Ecrit par Mustapha Saha le 24.06.19 dans La Une CED, Les Chroniques

La dérive ludique du monde (par Mustapha Saha)

Le jeu, comme le rire, est indissociable de l’aventure humaine. Quand l’imaginaire s’investit dans la recherche des possibles, réactive les vitalités cathartiques, les explorations fantastiques, les exaltations poétiques, il échappe aux mécaniques normatives. Le jeu détourne les choses de leurs fonctionnalités pragmatiques et leur confère une aura magique. Il met en œuvre l’acte adamique de nomination en vertu duquel les choses existent et tisse des ressemblances improbables dont le langage est l’archive (Walter Benjamin). L’irrationalité ludique restructure le monde, relie des réalités dissociées par des passerelles invisibles, combine des polarités disparates dans des esthétiques imprévisibles.
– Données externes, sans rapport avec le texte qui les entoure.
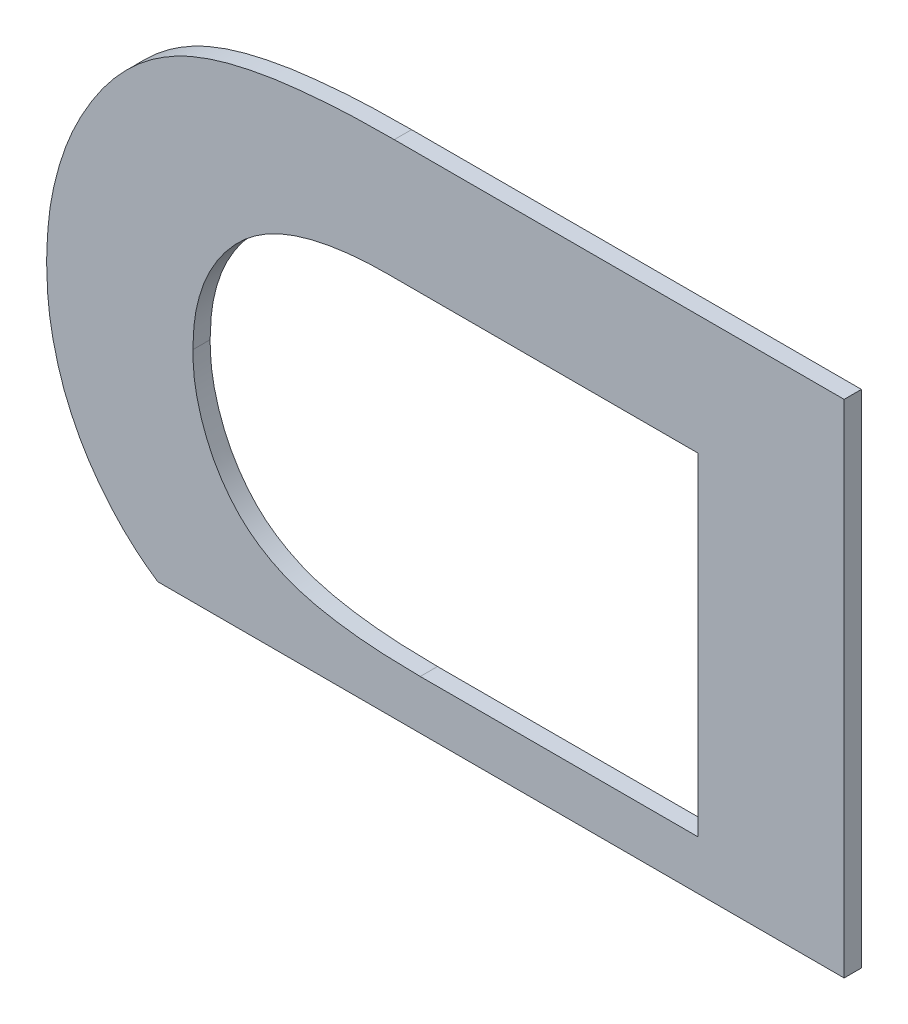
ISO-10303-21;
HEADER;
FILE_DESCRIPTION(('STEP AP214'),'2;1');
FILE_NAME('part.step','',(''),(''),'','','');
FILE_SCHEMA(('AUTOMOTIVE_DESIGN { 1 0 10303 214 1 1 1 1 }'));
ENDSEC;
DATA;
#1=APPLICATION_CONTEXT('core data for automotive mechanical design processes');
#2=APPLICATION_PROTOCOL_DEFINITION('international standard','automotive_design',2000,#1);
#3=PRODUCT_CONTEXT('',#1,'mechanical');
#4=PRODUCT('Part','Part','',(#3));
#5=PRODUCT_RELATED_PRODUCT_CATEGORY('part','',(#4));
#6=PRODUCT_DEFINITION_FORMATION('','',#4);
#7=PRODUCT_DEFINITION_CONTEXT('part definition',#1,'design');
#8=PRODUCT_DEFINITION('design','',#6,#7);
#9=PRODUCT_DEFINITION_SHAPE('','',#8);
#10=(LENGTH_UNIT() NAMED_UNIT(*) SI_UNIT(.MILLI.,.METRE.));
#11=(NAMED_UNIT(*) PLANE_ANGLE_UNIT() SI_UNIT($,.RADIAN.));
#12=(NAMED_UNIT(*) SI_UNIT($,.STERADIAN.) SOLID_ANGLE_UNIT());
#13=UNCERTAINTY_MEASURE_WITH_UNIT(LENGTH_MEASURE(1.E-05),#10,'distance_accuracy_value','');
#14=(GEOMETRIC_REPRESENTATION_CONTEXT(3) GLOBAL_UNCERTAINTY_ASSIGNED_CONTEXT((#13)) GLOBAL_UNIT_ASSIGNED_CONTEXT((#10,
#11,#12)) REPRESENTATION_CONTEXT('',''));
#15=CARTESIAN_POINT('',(0.,0.,0.));
#16=DIRECTION('',(0.,0.,1.));
#17=DIRECTION('',(1.,0.,0.));
#18=AXIS2_PLACEMENT_3D('',#15,#16,#17);
#19=CARTESIAN_POINT('',(11.5384615384616,-15.,0.5));
#20=DIRECTION('',(-1.,0.,0.));
#21=DIRECTION('',(0.,0.,1.));
#22=AXIS2_PLACEMENT_3D('',#19,#20,#21);
#23=PLANE('',#22);
#24=DIRECTION('',(0.,1.,0.));
#25=VECTOR('',#24,1.);
#26=CARTESIAN_POINT('',(11.5384615384616,-15.,0.5));
#27=LINE('',#26,#25);
#28=CARTESIAN_POINT('',(11.5384615384616,0.5,0.5));
#29=VERTEX_POINT('',#28);
#30=CARTESIAN_POINT('',(11.5384615384616,15.,0.5));
#31=VERTEX_POINT('',#30);
#32=EDGE_CURVE('E132',#29,#31,#27,.T.);
#33=ORIENTED_EDGE('',*,*,#32,.F.);
#34=DIRECTION('',(0.,0.,-1.));
#35=VECTOR('',#34,1.);
#36=CARTESIAN_POINT('',(11.5384615384616,0.5,0.5));
#37=LINE('',#36,#35);
#38=CARTESIAN_POINT('',(11.5384615384616,0.5,0.));
#39=VERTEX_POINT('',#38);
#40=EDGE_CURVE('E53',#29,#39,#37,.T.);
#41=ORIENTED_EDGE('',*,*,#40,.T.);
#42=DIRECTION('',(0.,1.,0.));
#43=VECTOR('',#42,1.);
#44=CARTESIAN_POINT('',(11.5384615384616,-15.,0.));
#45=LINE('',#44,#43);
#46=CARTESIAN_POINT('',(11.5384615384616,15.,0.));
#47=VERTEX_POINT('',#46);
#48=EDGE_CURVE('E128',#39,#47,#45,.T.);
#49=ORIENTED_EDGE('',*,*,#48,.T.);
#50=DIRECTION('',(0.,0.,-1.));
#51=VECTOR('',#50,1.);
#52=CARTESIAN_POINT('',(11.5384615384616,15.,0.5));
#53=LINE('',#52,#51);
#54=EDGE_CURVE('E164',#31,#47,#53,.T.);
#55=ORIENTED_EDGE('',*,*,#54,.F.);
#56=EDGE_LOOP('',(#33,#41,#49,#55));
#57=FACE_BOUND('',#56,.T.);
#58=ADVANCED_FACE('F39',(#57),#23,.F.);
#59=CARTESIAN_POINT('',(-11.5384615384615,6.91105769230769,0.5));
#60=CARTESIAN_POINT('',(-11.5325910596808,6.65443287104843,0.5));
#61=CARTESIAN_POINT('',(-11.5209964615086,6.14758125048622,0.5));
#62=CARTESIAN_POINT('',(-11.4321806731945,5.40237369942187,0.5));
#63=CARTESIAN_POINT('',(-11.27147567516,4.69035785069766,0.5));
#64=CARTESIAN_POINT('',(-11.065403190656,4.00529799715841,0.5));
#65=CARTESIAN_POINT('',(-10.7833528257358,3.35690034192733,0.5));
#66=CARTESIAN_POINT('',(-10.4566097203037,2.73192116530323,0.5));
#67=CARTESIAN_POINT('',(-10.0518214672469,2.14753031268846,0.5));
#68=CARTESIAN_POINT('',(-9.59861625564332,1.58816639265529,0.5));
#69=CARTESIAN_POINT('',(-9.07891141140609,1.06580948697466,0.5));
#70=CARTESIAN_POINT('',(-8.48813510211721,0.599304948528562,0.5));
#71=CARTESIAN_POINT('',(-7.83214355776586,0.179683182375531,0.5));
#72=CARTESIAN_POINT('',(-7.10784732151527,-0.181478283915422,0.5));
#73=CARTESIAN_POINT('',(-6.32358377122331,-0.511597010464015,0.5));
#74=CARTESIAN_POINT('',(-5.46951255367587,-0.777424515079016,0.5));
#75=CARTESIAN_POINT('',(-4.54908062908904,-0.994493056469318,0.5));
#76=CARTESIAN_POINT('',(-3.91099443386552,-1.0996060210974,0.5));
#77=CARTESIAN_POINT('',(-3.58173076923075,-1.15384615384615,0.5));
#78=B_SPLINE_CURVE_WITH_KNOTS('',3,(#59,#60,#61,#62,#63,#64,#65,#66,#67,#68,#69,#70,#71,#72,#73,
#74,#75,#76,#77),.UNSPECIFIED.,.F.,.F.,(4,1,1,1,1,1,1,1,1,1,1,1,1,1,1,1,4),(0.,
0.0614130692946595,0.121295023384547,0.17922404230872,0.235938094734832,0.292216833267361,
0.348196639434207,0.404444738963359,0.462025533922997,0.520334211868149,0.580382901650838,
0.641825904813988,0.706363209796628,0.77385139382756,0.845266257356883,0.920154675768406,1.),.UNSPECIFIED.);
#79=DIRECTION('',(0.,0.,-1.));
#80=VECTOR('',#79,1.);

La peinture enfantine recompose intuitivement les formes essentielles et les couleurs substantielles de la nature. Walter Benjamin situe dans cette anamnèse platonicienne la jonction entre l’accomplissement de l’expérience, l’acquisition de la connaissance et la transformation de la conscience. Le livre d’images est le paradis des visions initiatiques, la terre originelle du souvenir désencombré de la nostalgie. L’arc-en-ciel déploie ses chromatiques extraordinaires dans une bulle de savon. L’intelligence analogique, le ludisme écologique, l’autogestion pédagogique s’épanouissent dans la création libre, hors barrières éducatives. Le jeu est libérateur quand il est un espace de création pionnière, un espace de perception buissonnière, un espace de renaissance printanière (Walter Benjamin, L’œuvre d’art à l’ère de sa reproductibilité technique).

« Nous vieillissons parce que nous cessons de jouer » (Georges Bernard Shaw).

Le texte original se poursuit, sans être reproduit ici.